Lecture 10 (2017-12-20)
Hands on Applicative
> import Data.Char
> import Control.Applicative
We wrote up a straightforward instance for `Maybe` and a more
interesting instance for `Either e`:
```Haskell
instance Applicative (Either e) where
pure x = Right x -- because Left x would be ill typed!
(Right f) <*> (Right v) = Right $ f v
err@(Left e) <*> _ = err
_ <*> err@(Left e) = err
```
Then we went over the `Applicative` definitions for lists.

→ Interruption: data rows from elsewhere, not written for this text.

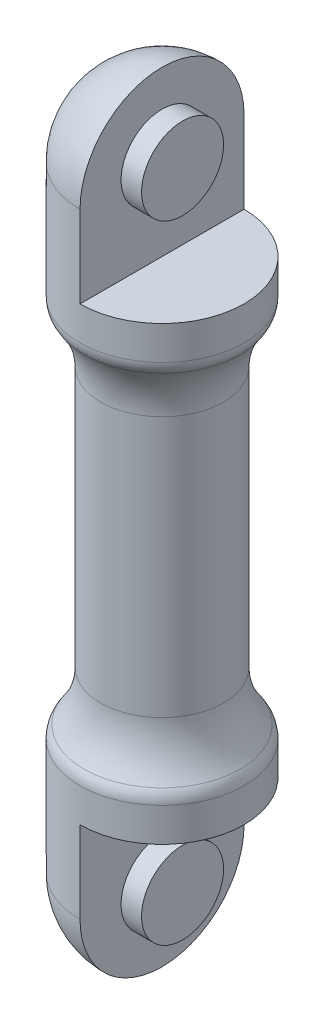
from build123d import *

# Parameters (mm, degrees)
SKETCH1_R           = 40
BOSS_EXTRUDE1_DEPTH = 100
SKETCH3_R           = 30
BOSS_EXTRUDE2_DEPTH = 180
SKETCH4_R           = 40
BOSS_EXTRUDE3_DEPTH = 100
SKETCH5_W           = 41.242816752
SKETCH5_H           = 81.516639277
CUT_EXTRUDE1_DEPTH  = 80
SKETCH6_W           = 41.962077935
SKETCH6_H           = 81.514478353
CUT_EXTRUDE2_DEPTH  = 80
FILLET3_R           = 40
FILLET4_R           = 40
SKETCH7_R           = 20
BOSS_EXTRUDE4_DEPTH = 10
SKETCH8_R           = 20
BOSS_EXTRUDE5_DEPTH = 10
FILLET5_R           = 40
FILLET6_R           = 40
FILLET7_R           = 10
FILLET8_R           = 10


# Some blends are built 0.0001 mm under size
with BuildPart() as part:
    # Sketch1 → Boss-Extrude1 (new body)
    with BuildSketch(Plane(origin=(0, 0, 0), x_dir=(1, 0, 0), z_dir=(0, 1, 0))):
        with Locations(Location((0, 0, 0), (0, 0, 270))):
            Circle(SKETCH1_R)
    extrude(amount=BOSS_EXTRUDE1_DEPTH)

    # Sketch3 → Boss-Extrude2 (add)
    with BuildSketch(Plane(origin=(0, 100, 0), x_dir=(1, 0, 0), z_dir=(0, 1, 0))):
        with Locations(Location((0, 0, 0), (0, 0, 90))):
            Circle(SKETCH3_R)
    extrude(amount=BOSS_EXTRUDE2_DEPTH)

    # Sketch4 → Boss-Extrude3 (add)
    with BuildSketch(Plane(origin=(0, 280, 0), x_dir=(1, 0, 0), z_dir=(0, 1, 0))):
        with Locations(Location((0, 0, 0), (0, 0, 270))):
            Circle(SKETCH4_R)
    extrude(amount=BOSS_EXTRUDE3_DEPTH)

    # Sketch5 → Cut-Extrude1 (cut)
    with BuildSketch(Plane(origin=(0, 380, 0), x_dir=(1, 0, 0), z_dir=(0, 1, 0))):
        with Locations((20.621408376, 0.242248556)):
            Rectangle(SKETCH5_W, SKETCH5_H)
    extrude(amount=-CUT_EXTRUDE1_DEPTH, mode=Mode.SUBTRACT)

    # Sketch6 → Cut-Extrude2 (cut)
    with BuildSketch(Plane.XZ):
        with Locations((20.981038968, -0.067313451)):
            Rectangle(SKETCH6_W, SKETCH6_H)
    extrude(amount=-CUT_EXTRUDE2_DEPTH, mode=Mode.SUBTRACT)

    # Fillet3
    fillet3_edges = [part.edges().sort_by_distance(p)[0] for p in [
        (-40, 0, 0),
    ]]
    fillet(fillet3_edges, radius=FILLET3_R - 0.0001)  # a hair under: the kernel refuses the full size

    # Fillet4
    fillet4_edges = [part.edges().sort_by_distance(p)[0] for p in [
        (-40, 380, 0),
    ]]
    fillet(fillet4_edges, radius=FILLET4_R - 0.0001)  # a hair under: the kernel refuses the full size

    # Sketch7 → Boss-Extrude4 (add)
    with BuildSketch(Plane(origin=(0, 0, 0), x_dir=(0, 0, -1), z_dir=(1, 0, 0))):
        with Locations(Location((0, 36.360995044, 0), (0, 0, 180))):
            Circle(SKETCH7_R)
    extrude(amount=BOSS_EXTRUDE4_DEPTH)

    # Sketch8 → Boss-Extrude5 (add)
    with BuildSketch(Plane(origin=(0, 0, 0), x_dir=(0, 0, -1), z_dir=(1, 0, 0))):
        with Locations(Location((0, 342.283138074, 0), (0, 0, 180))):
            Circle(SKETCH8_R)
    extrude(amount=BOSS_EXTRUDE5_DEPTH)

    # Fillet5
    # the kernel refuses this fillet: 40 mm, written as the material it adds along each edge
    with BuildSketch(Plane(origin=(0, 100, 0), x_dir=(0, 0, -1), z_dir=(1, 0, 0))) as fillet5_piece_1:
        with BuildLine():
            CenterArc((70, 26.457513111), FILLET5_R, 180, 41.409622109)
            Line((40, 0), (39.4, -0.529150262))
            ThreePointArc((39.4, -0.529150262), (35, -0.8), (30, -0.8))
            Line((30, -0.8), (29.2, 0))
            Line((29.2, 0), (29.2, 26.457513111))
            Line((29.2, 26.457513111), (30, 26.457513111))
        make_face()
    revolve(axis=Axis((0, 100, 0), (0, 1, 0)))

    # Fillet6
    # the kernel refuses this fillet: 40 mm, written as the material it adds along each edge
    with BuildSketch(Plane(origin=(0, 280, 0), x_dir=(0, 0, -1), z_dir=(1, 0, 0))) as fillet6_piece_1:
        with BuildLine():
            CenterArc((70, -26.457513111), FILLET6_R, 138.590377891, 41.409622109)
            Line((40, 0), (39.4, 0.529150262))
            ThreePointArc((39.4, 0.529150262), (35, 0.8), (30, 0.8))
            Line((30, 0.8), (29.2, 0))
            Line((29.2, 0), (29.2, -26.457513111))
            Line((29.2, -26.457513111), (30, -26.457513111))
        make_face()
    revolve(axis=Axis((0, 280, 0), (0, 1, 0)))

    # Fillet7
    fillet7_edges = [part.edges().sort_by_distance(p)[0] for p in [
        (40, 280, 0),
    ]]
    fillet(fillet7_edges, radius=FILLET7_R)

    # Fillet8
    fillet8_edges = [part.edges().sort_by_distance(p)[0] for p in [
        (-40, 100, 0),
    ]]
    fillet(fillet8_edges, radius=FILLET8_R)


solid = part.part

There were two possibilities: cartesian product...
```Haskell
instance Applicative [] where
pure x = [x]
[] <*> _ = []
_ <*> [] = []
(f:fs) <*> xs = map f xs ++ fs <*> xs
```
...and zipping:
```
newtype ZipList a = ZipList { getZipList :: [a] }
deriving (Eq, Show, Functor)
instance Applicative ZipList where
pure = ZipList . repeat
ZipList fs <*> ZipList xs = ZipList (zipWith ($) fs xs)
```
### Obey the laws

Like `Functor`, the `Applicative` type class is governed by laws.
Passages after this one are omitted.